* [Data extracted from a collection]
____
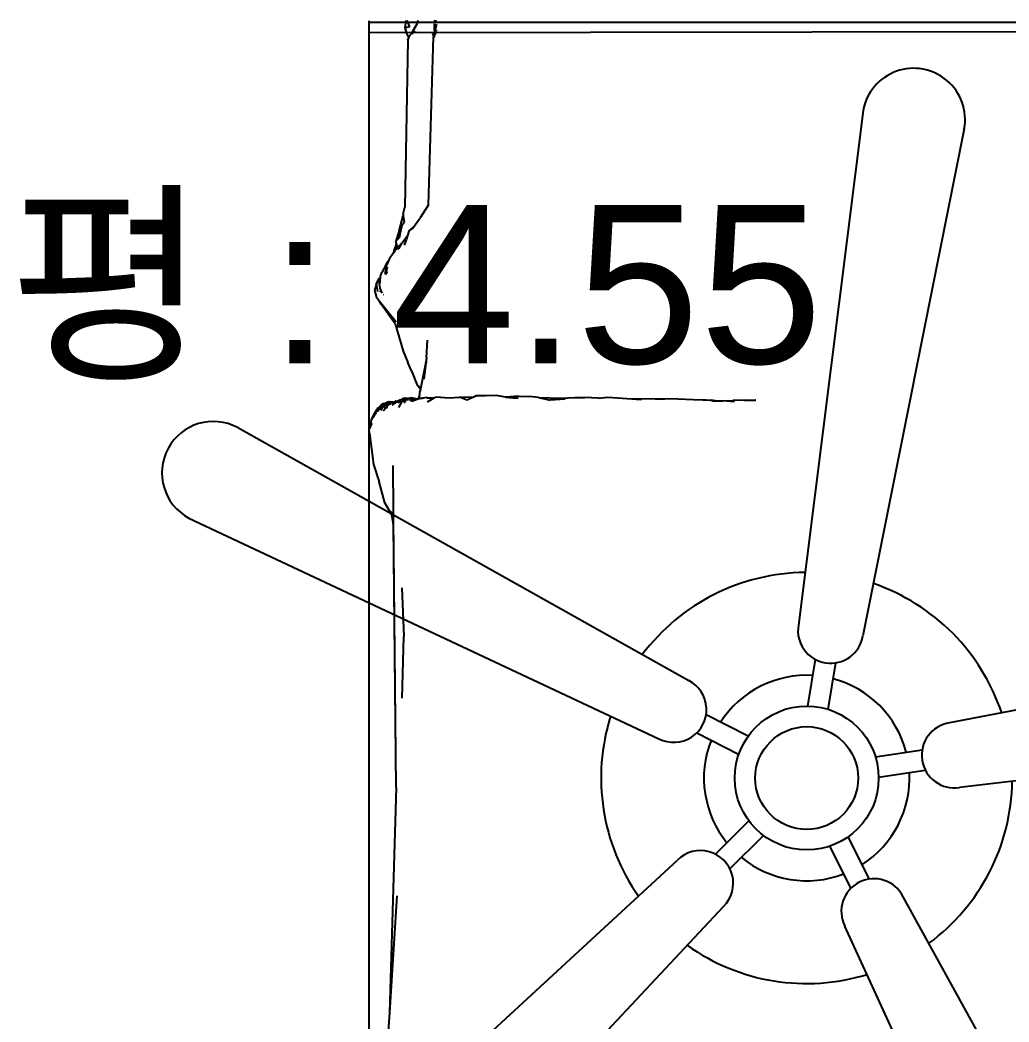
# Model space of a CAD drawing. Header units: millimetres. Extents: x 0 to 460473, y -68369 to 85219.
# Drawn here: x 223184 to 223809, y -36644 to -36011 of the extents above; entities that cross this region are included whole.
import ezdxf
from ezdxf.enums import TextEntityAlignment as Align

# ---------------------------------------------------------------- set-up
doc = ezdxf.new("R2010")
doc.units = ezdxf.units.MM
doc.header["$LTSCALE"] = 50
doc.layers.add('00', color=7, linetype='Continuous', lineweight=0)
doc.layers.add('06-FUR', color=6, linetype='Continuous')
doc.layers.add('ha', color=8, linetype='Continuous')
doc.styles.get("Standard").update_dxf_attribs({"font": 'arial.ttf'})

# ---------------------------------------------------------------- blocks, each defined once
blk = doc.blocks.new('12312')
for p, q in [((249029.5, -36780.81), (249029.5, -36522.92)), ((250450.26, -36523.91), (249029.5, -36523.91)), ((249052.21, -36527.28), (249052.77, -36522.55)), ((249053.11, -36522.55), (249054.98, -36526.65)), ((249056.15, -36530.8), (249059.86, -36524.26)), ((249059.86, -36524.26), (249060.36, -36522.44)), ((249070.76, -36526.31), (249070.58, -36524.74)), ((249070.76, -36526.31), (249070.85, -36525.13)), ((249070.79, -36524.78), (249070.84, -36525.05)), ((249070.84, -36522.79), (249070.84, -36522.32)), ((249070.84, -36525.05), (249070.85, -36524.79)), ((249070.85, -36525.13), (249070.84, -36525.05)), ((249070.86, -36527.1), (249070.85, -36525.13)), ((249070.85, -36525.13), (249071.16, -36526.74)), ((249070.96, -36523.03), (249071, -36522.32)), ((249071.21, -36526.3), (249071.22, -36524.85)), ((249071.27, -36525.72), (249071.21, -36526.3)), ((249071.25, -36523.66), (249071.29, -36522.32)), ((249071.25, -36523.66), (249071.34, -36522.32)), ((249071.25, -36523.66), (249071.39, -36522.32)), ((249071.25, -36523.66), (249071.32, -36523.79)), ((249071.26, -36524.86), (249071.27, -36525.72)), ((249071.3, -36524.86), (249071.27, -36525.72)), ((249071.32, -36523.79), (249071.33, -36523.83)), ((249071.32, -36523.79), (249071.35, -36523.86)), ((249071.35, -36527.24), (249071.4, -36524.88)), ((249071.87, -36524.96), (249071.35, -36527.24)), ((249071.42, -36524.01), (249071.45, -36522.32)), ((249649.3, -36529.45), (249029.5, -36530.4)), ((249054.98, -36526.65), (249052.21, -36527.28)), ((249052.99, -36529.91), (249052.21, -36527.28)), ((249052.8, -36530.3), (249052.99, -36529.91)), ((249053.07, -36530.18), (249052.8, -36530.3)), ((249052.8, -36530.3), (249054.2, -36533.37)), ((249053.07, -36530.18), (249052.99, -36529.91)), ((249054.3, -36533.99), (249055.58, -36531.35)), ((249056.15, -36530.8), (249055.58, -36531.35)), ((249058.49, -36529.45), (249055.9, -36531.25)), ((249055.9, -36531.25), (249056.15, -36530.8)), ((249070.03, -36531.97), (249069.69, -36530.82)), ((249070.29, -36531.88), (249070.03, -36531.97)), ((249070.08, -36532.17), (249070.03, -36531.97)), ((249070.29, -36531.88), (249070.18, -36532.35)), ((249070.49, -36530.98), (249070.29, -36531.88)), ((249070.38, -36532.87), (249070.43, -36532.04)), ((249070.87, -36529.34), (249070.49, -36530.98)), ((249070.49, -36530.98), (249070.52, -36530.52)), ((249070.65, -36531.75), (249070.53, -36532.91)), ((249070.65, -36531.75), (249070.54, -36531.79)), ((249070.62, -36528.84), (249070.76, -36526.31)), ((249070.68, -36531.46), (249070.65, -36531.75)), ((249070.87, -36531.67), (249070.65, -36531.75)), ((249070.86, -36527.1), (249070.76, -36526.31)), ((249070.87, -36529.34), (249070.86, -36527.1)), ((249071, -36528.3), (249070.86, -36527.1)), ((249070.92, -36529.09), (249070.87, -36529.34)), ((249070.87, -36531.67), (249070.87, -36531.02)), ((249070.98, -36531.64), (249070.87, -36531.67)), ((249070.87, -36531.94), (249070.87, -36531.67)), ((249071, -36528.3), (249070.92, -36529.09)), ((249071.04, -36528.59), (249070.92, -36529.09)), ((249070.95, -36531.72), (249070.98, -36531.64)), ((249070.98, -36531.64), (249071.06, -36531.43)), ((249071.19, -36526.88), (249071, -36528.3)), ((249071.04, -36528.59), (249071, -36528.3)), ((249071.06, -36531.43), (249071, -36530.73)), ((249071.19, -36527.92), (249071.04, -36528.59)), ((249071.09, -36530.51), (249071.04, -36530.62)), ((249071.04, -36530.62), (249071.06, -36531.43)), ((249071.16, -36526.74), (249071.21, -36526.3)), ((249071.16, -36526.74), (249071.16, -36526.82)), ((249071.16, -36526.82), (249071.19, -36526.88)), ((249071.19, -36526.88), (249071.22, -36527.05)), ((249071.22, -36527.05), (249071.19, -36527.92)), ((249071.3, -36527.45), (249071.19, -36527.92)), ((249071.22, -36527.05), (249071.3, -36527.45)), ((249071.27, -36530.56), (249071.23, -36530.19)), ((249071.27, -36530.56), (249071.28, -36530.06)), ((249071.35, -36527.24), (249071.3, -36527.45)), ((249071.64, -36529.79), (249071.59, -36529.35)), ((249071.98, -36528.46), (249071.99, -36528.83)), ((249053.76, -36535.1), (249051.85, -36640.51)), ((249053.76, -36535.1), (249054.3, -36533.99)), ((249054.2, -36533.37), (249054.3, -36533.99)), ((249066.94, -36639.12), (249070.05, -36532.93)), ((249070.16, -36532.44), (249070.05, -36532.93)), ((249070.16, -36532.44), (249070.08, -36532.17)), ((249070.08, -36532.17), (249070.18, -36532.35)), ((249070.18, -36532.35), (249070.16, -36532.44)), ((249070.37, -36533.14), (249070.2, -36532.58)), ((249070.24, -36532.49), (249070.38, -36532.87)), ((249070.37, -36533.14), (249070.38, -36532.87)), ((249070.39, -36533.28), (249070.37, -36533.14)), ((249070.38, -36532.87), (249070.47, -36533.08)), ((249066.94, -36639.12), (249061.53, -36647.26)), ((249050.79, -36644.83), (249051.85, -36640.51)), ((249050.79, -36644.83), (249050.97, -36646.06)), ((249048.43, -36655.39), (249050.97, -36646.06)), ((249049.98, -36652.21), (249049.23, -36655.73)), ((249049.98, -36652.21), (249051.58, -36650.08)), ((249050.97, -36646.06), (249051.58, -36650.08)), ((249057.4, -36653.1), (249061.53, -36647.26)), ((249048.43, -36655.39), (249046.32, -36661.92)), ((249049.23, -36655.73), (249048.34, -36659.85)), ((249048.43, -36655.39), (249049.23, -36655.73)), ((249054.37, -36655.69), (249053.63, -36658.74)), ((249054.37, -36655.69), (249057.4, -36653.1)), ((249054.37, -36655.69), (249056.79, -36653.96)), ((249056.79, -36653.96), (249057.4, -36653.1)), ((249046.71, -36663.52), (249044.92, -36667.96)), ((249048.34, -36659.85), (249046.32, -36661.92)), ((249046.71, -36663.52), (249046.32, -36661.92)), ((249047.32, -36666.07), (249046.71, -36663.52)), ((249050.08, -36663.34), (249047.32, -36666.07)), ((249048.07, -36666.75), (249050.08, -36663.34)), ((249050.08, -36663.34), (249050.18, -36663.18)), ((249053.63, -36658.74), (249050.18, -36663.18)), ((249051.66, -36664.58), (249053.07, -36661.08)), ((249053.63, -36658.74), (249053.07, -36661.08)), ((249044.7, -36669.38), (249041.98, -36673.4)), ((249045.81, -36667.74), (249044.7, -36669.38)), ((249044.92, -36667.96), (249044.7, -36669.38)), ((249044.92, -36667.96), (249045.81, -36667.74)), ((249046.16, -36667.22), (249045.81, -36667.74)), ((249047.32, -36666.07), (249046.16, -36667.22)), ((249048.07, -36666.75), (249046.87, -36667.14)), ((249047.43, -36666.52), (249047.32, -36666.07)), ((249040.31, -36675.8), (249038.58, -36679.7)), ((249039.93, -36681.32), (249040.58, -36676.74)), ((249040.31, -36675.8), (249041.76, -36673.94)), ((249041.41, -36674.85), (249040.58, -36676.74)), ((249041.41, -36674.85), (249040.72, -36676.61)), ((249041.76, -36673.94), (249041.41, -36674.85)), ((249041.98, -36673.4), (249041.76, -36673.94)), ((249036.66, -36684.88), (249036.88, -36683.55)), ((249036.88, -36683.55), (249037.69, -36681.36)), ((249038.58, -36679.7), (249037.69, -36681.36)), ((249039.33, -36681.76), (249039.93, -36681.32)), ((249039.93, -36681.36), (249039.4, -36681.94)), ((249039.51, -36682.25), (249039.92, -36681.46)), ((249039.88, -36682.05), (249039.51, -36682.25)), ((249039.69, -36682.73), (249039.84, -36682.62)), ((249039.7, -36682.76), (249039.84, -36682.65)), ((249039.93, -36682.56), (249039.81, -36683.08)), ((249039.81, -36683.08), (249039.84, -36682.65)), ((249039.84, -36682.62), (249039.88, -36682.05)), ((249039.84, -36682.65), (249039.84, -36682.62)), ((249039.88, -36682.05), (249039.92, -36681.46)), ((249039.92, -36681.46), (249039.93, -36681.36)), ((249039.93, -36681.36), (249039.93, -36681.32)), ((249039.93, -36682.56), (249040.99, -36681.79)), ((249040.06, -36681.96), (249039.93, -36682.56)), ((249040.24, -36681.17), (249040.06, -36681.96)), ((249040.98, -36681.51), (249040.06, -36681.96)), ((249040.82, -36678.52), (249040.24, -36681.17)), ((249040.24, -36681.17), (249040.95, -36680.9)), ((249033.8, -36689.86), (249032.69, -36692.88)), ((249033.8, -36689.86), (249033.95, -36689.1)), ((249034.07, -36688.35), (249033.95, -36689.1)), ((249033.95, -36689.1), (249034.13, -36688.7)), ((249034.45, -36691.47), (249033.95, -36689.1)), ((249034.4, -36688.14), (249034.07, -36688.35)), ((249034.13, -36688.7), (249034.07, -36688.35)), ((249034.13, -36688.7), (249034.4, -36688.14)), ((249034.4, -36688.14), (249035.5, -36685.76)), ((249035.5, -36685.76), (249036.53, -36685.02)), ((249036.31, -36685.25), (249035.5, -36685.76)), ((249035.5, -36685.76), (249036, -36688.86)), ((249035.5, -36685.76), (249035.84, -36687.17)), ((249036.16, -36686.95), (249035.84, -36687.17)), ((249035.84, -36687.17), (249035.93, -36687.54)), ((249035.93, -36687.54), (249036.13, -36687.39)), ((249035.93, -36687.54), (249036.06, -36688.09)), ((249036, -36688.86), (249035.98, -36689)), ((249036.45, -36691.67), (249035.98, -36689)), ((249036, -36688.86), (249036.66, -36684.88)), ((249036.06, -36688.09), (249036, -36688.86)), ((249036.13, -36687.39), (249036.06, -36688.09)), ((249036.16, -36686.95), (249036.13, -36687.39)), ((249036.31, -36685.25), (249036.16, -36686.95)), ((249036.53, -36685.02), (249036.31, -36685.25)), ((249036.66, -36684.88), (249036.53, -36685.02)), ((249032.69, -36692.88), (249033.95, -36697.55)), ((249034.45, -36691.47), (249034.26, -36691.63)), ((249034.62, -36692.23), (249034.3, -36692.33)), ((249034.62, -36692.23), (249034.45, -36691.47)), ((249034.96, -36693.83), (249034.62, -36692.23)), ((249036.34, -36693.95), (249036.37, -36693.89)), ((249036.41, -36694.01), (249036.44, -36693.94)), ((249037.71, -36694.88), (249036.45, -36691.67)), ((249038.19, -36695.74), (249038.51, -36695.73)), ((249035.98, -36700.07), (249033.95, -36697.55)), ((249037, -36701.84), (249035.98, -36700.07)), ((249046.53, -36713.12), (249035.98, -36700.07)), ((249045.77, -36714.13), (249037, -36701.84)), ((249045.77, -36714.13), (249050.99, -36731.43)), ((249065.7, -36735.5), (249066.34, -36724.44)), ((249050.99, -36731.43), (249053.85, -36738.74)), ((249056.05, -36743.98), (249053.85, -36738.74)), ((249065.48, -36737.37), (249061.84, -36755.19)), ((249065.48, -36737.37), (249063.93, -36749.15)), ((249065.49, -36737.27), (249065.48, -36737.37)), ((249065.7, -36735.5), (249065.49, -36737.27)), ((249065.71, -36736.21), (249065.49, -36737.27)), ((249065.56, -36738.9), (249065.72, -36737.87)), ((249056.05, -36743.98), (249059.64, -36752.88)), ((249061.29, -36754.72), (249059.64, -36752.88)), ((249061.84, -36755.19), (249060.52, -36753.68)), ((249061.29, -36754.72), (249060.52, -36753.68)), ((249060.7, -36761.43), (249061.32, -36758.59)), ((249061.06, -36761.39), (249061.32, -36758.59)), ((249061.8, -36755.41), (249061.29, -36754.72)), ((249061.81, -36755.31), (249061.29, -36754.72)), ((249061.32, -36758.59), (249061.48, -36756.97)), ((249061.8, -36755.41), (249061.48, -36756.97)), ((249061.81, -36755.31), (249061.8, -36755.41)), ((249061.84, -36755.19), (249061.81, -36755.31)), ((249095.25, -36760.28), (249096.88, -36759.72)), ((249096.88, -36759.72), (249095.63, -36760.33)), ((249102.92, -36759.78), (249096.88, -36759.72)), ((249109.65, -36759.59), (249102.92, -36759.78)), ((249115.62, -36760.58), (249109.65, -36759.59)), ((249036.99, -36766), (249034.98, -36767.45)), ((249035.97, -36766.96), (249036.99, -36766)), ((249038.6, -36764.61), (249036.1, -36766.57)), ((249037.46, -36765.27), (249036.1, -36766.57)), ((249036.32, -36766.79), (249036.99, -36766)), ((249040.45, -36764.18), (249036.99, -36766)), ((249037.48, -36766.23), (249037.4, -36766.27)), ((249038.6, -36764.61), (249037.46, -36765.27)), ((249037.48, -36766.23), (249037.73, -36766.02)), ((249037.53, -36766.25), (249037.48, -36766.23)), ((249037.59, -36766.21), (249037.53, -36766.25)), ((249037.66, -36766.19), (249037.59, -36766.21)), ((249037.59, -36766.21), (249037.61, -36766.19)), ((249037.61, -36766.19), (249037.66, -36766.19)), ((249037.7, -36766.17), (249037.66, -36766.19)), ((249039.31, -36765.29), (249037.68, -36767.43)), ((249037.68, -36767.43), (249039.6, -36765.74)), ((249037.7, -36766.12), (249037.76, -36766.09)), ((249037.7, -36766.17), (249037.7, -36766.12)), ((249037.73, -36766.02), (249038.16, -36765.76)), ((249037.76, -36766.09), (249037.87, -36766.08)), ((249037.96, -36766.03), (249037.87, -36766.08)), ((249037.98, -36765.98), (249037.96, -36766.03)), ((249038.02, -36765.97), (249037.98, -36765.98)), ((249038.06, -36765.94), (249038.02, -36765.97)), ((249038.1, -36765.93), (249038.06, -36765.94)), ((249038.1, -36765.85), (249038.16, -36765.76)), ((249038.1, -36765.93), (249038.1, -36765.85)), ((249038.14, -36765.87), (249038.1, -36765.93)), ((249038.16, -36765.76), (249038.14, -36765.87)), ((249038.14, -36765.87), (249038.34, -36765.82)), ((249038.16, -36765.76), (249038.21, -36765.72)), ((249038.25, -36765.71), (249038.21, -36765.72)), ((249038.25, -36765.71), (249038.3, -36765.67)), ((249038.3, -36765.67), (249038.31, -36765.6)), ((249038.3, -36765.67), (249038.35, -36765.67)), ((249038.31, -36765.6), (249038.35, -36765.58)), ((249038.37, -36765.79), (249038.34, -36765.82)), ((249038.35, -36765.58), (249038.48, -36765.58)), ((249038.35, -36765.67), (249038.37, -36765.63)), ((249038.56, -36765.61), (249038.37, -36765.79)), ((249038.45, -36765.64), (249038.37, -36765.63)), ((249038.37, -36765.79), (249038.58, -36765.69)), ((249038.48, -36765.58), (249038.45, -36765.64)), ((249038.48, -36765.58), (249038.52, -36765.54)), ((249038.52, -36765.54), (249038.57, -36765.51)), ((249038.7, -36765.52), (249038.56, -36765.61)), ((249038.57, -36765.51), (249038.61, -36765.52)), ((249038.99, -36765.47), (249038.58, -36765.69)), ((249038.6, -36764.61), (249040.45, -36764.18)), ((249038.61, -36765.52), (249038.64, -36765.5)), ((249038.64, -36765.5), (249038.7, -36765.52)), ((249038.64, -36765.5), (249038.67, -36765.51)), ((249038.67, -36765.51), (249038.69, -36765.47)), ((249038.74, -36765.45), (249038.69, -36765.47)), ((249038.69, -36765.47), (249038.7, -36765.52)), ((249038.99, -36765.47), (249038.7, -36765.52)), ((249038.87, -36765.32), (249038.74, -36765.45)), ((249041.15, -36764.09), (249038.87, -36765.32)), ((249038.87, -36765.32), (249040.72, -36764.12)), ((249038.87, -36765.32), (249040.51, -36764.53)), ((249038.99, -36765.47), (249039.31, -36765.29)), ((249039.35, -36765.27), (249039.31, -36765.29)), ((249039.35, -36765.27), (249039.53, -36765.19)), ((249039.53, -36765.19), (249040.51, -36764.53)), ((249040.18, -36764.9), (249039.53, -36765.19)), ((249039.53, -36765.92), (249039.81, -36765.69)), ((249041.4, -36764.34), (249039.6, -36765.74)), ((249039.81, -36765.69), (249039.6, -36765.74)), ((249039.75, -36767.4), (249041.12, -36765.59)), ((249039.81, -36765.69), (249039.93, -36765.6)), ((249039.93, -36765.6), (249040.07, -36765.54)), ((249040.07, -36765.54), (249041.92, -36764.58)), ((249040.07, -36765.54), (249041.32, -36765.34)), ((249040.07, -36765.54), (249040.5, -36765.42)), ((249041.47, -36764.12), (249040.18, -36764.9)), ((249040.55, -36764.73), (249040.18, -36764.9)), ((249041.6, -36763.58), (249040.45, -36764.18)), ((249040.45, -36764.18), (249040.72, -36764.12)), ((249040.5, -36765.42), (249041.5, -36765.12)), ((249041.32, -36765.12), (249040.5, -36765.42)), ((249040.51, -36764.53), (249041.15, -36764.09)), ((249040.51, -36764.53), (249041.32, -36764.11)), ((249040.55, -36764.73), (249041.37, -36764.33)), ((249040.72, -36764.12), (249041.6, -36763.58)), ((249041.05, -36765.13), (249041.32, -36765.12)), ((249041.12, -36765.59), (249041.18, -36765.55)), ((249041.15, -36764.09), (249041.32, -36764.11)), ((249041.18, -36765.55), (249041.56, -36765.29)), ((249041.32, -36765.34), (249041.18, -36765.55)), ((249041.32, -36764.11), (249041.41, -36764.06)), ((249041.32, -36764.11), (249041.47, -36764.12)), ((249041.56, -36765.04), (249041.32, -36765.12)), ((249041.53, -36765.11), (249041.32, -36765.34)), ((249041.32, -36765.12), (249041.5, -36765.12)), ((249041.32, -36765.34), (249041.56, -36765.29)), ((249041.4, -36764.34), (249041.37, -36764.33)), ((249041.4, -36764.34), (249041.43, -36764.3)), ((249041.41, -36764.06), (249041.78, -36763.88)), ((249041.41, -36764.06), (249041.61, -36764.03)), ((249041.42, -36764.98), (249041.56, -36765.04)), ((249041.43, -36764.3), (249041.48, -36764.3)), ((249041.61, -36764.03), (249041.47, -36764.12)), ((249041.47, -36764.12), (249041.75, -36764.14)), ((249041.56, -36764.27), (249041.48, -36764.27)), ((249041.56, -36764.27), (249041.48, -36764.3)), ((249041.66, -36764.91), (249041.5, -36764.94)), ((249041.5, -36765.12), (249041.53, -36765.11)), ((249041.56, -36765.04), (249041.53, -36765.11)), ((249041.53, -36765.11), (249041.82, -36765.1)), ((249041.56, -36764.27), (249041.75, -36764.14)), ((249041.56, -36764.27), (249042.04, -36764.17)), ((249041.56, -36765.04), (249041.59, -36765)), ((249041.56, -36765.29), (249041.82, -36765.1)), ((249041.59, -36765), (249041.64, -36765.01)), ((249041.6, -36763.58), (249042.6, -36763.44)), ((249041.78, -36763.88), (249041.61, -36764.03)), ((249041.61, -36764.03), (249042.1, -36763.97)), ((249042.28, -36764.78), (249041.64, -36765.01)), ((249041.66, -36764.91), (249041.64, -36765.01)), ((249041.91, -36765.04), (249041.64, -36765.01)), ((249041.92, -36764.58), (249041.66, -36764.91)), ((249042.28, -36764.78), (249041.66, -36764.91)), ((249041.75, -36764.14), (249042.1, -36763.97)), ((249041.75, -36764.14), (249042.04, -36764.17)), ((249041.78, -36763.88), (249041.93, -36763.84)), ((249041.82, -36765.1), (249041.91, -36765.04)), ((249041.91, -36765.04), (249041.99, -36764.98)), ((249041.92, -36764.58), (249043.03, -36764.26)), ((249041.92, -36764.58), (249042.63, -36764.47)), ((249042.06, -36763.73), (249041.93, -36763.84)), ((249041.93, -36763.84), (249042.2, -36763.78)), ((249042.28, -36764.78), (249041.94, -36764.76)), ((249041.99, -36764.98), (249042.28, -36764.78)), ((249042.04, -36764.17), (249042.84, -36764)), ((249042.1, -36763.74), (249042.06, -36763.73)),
____
* [Requirement] Using only the entries above, output the line with "doc.units = ezdxf.units.MM", the line with "blk = doc.blocks.new('12312')", and all lines between them, exactly as they stand.

* [Solution to the problem]
doc.units = ezdxf.units.MM
doc.header["$LTSCALE"] = 50
doc.layers.add('00', color=7, linetype='Continuous', lineweight=0)
doc.layers.add('06-FUR', color=6, linetype='Continuous')
doc.layers.add('ha', color=8, linetype='Continuous')
doc.styles.get("Standard").update_dxf_attribs({"font": 'arial.ttf'})

# ---------------------------------------------------------------- blocks, each defined once
blk = doc.blocks.new('12312')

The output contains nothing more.